Fabric– when choosing a chair, keep in mind cleaning and maintenance of your chair over time. Cloth upholstery is the most common covering but may not be the easiest to keep clean. Vinyl covers are easier to clean often providing a peace of mind to uses with incontinence or medical issues.
Foot ring – If you are seated at height, a foot ring is essential for helping you safely mount and dismount the chair.
Head rests – contrary to the suggestion of the name, head rests or neck rolls are not usually designed to be used for long period of time. They are often added to a chair if you have a medical need for them or to provide you with extra support when you are reclining in your chair. If you spend time sat back in your chair on the phone, a head rest or neck roll can help reduce strain on your neck.
Movement Lock – If you would prefer your chair to have the benefit of a brake to reduce movement but still have the benefits of castor movement, this is your answer. Using a movement lock will allow to control when the chair can move and when it is held in a stationary position.
In addition to using a chair which allows you to sit with good posture, there are other precautions you can take to help minimize your discomfort while sitting:
• Don’t stay in one position for prolonged periods of time. Alternate between sitting and standing, when possible.
• Make sure your feet are flat on the floor or a footrest.
• Sit upright with your back and shoulders against the backrest, not slouched or leaning forwards.
• Do not use the armrests to slouch. Elbows and lower arms should rest lightly to avoid circulatory problems or nerve pressure.
• Make sure your shoulders are relaxed and slightly dropped while typing.

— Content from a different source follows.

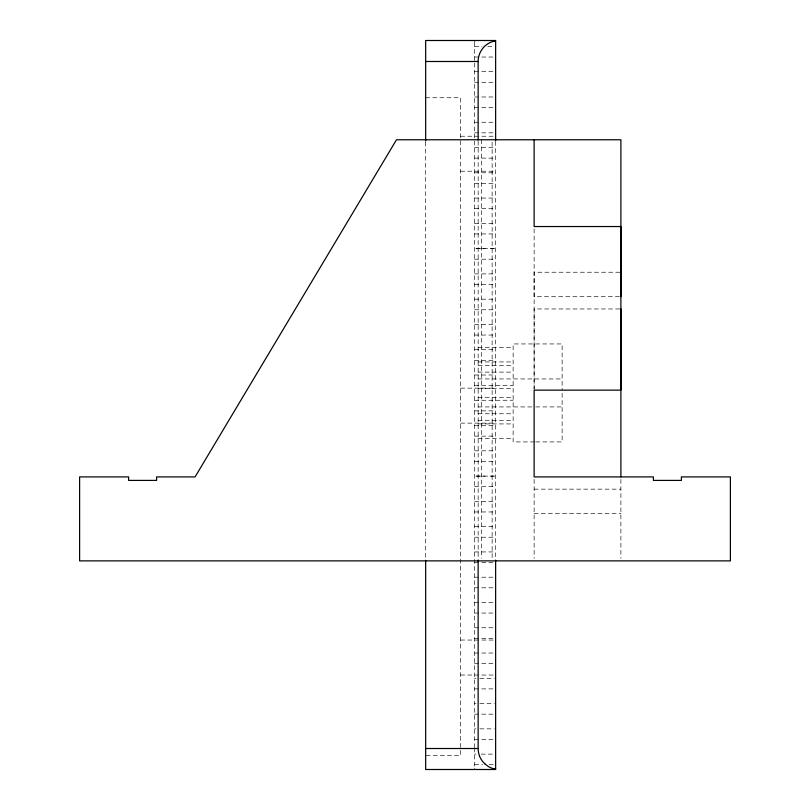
<?xml version="1.0" encoding="UTF-8"?>
<svg xmlns="http://www.w3.org/2000/svg" width="810" height="810" viewBox="0 0 810 810"><rect width="100%" height="100%" fill="white"/><g stroke="black" fill="none" stroke-linecap="round" stroke-linejoin="round"><path stroke-width="0.61" stroke-dasharray="4.05 3.04" d="M534.124 388.881L534.124 227.792M474.65 46.433L481.99 46.433M487.772 46.433L494.586 46.433M474.65 57.014L494.586 57.014M474.65 71.705L494.586 71.705M474.65 82.286L494.586 82.286M474.65 96.977L494.586 96.977M425.665 97.737L460.647 97.737L460.647 755.507L425.665 755.507M474.65 107.558L494.586 107.558M474.65 122.259L494.586 122.259M474.65 132.84L494.586 132.84M460.647 136.222L495.639 136.222M474.65 147.531L495.639 147.531M474.65 158.112L495.639 158.112M460.647 171.214L495.639 171.214M474.65 172.803L495.639 172.803M474.65 183.384L495.639 183.384M474.65 198.075L495.639 198.075M474.65 208.666L495.639 208.666M474.65 223.357L495.639 223.357M474.65 233.938L495.639 233.938M479.895 248.629L474.65 248.629L495.639 248.629L490.394 248.629M481.646 248.629L485.139 248.629M474.65 259.21L495.639 259.21M619.812 272.231L534.124 272.231L534.124 296.713L619.812 296.713M474.65 273.901L495.639 273.901M474.65 284.492L495.639 284.492M474.65 299.184L495.639 299.184M619.64 308.964L534.124 308.964L534.124 389.164M474.65 309.764L495.639 309.764M474.65 324.456L495.639 324.456M474.65 335.036L495.639 335.036M478.143 347.348L513.135 347.348M474.65 349.728L495.639 349.728M474.65 360.308L495.639 360.308M478.143 361.938L513.135 361.938M478.143 365.553L513.135 365.553M478.143 372.114L513.135 372.114M474.65 375L495.639 375M478.143 378.938L562.12 378.938M474.65 385.59L513.135 385.631M460.647 388.132L495.639 388.132M478.143 388.466L513.135 388.466M478.143 397.396L513.135 397.396M474.65 400.282L513.135 400.231M478.143 406.924L534.489 406.924M535.744 406.924L562.12 406.924M474.65 410.862L495.639 410.862M478.143 413.758L513.135 413.758M478.143 420.319L513.135 420.319M460.647 423.124L495.639 423.124M478.143 423.924L513.135 423.924M474.65 425.554L495.639 425.554M474.65 436.134L495.639 436.134M478.143 438.514L513.135 438.514M534.489 441.916L513.135 441.916L513.135 343.946L562.12 343.946L562.12 389.083M535.744 441.916L562.12 441.916L562.12 389.63M474.65 450.826L495.639 450.826M474.65 461.416L495.639 461.416M479.895 476.108L474.65 476.108L495.639 476.108L490.394 476.108M481.646 476.108L485.139 476.108M474.65 486.688L495.639 486.688M534.124 489.149L620.895 489.149M474.65 501.38L495.639 501.38M474.65 511.96L495.639 511.96M534.124 513.641L620.895 513.641M474.65 526.652L495.639 526.652M474.65 537.232L495.639 537.232M474.65 551.934L495.639 551.934M474.65 562.515L494.586 562.515M474.65 577.206L494.586 577.206M474.65 587.787L494.586 587.787M474.65 602.478L494.586 602.478M474.65 613.059L494.586 613.059M474.65 627.75L494.586 627.75M474.65 638.341L494.586 638.341M460.647 640.042L495.639 640.042M474.65 653.032L494.586 653.032M474.65 663.613L494.586 663.613M460.647 675.034L495.639 675.034M474.65 678.304L475.956 678.304M479.895 678.304L494.323 678.304M474.65 688.885L494.586 688.885M474.65 703.576L475.956 703.576M479.895 703.576L494.323 703.576M474.65 714.167L494.586 714.167M474.65 728.858L475.956 728.858M479.895 728.858L494.323 728.858M474.65 739.439L494.586 739.439M474.65 754.13L475.956 754.13M481.211 754.13L494.323 754.13M474.65 764.711L482.517 764.711M489.078 764.711L494.323 764.711M620.895 479.409L620.895 558.363M534.124 479.409L534.124 558.363M495.639 141.477L495.639 559.406M492.136 142.297L492.136 558.343M481.646 139.765L481.646 558.343M478.143 141.203L478.143 558.728M474.65 42.252L474.65 62.016M474.65 63.038L474.65 747.438M474.65 747.984L474.65 767.556M425.665 142.013L425.665 559.437"/><path stroke-width="1.21" d="M478.143 139.938L478.143 61.489C478.102 54.29 482.051 47.213 488.258 43.538A38.121 26.953 -90 0 1 495.639 40.814A38.121 26.953 90 0 0 494.89 40.945M425.665 61.489L478.143 61.489M425.665 748.511L478.143 748.511L478.244 750.505A15.947 11.279 -90 0 0 479.55 756.013M484.886 763.921L488.258 766.462A38.111 26.953 90 0 0 495.639 769.186A38.111 26.953 -90 0 1 494.89 769.054M620.895 296.713L620.895 139.765L396.485 139.765L195.078 476.908L156.593 476.908L156.593 480.401L128.598 480.401L128.598 476.908L79.613 476.908L79.613 560.874L730.387 560.874L730.387 476.908L681.402 476.908L681.402 480.401L653.407 480.401L653.407 476.908L534.124 476.908L534.124 390.136L620.895 390.136L620.895 226.537L534.124 226.537L534.124 139.765M620.895 308.964L620.895 476.908M495.639 140.839L495.639 40.5L425.665 40.5L425.665 141.051M495.639 560.115L495.639 769.5L425.665 769.5L425.665 560.338M478.143 559.994L478.143 748.511M474.65 40.5L474.65 41.087M474.65 768.994L474.65 769.5M484.917 763.84A22.518 15.916 90 0 1 479.479 756.074"/></g></svg>

Maintain a “neutral” posture:
• Your hips should be slightly higher than your knees.
• Your back should be fully supported and straight.
• 3 to 5 centimetres between the edge of the chair and the back of the knees.
• Equal distribution of weight on the seat cushion.
• Keeping your chair in line with your workstation, to reduce twisting or misaligned working.
Be aware of your posture during your working/studying time, it is important to take frequent breaks, stand up, stretch, take a few deep breaths, have short walk; this can help increase your blood flow and reduce fatigue.
Reposition yourself if you find you are slouching or moving out of the correct position; small adjustments like these can go a long way to keeping yourself comfortable and healthy, they can also help you maintain a better posture for a longer period of time.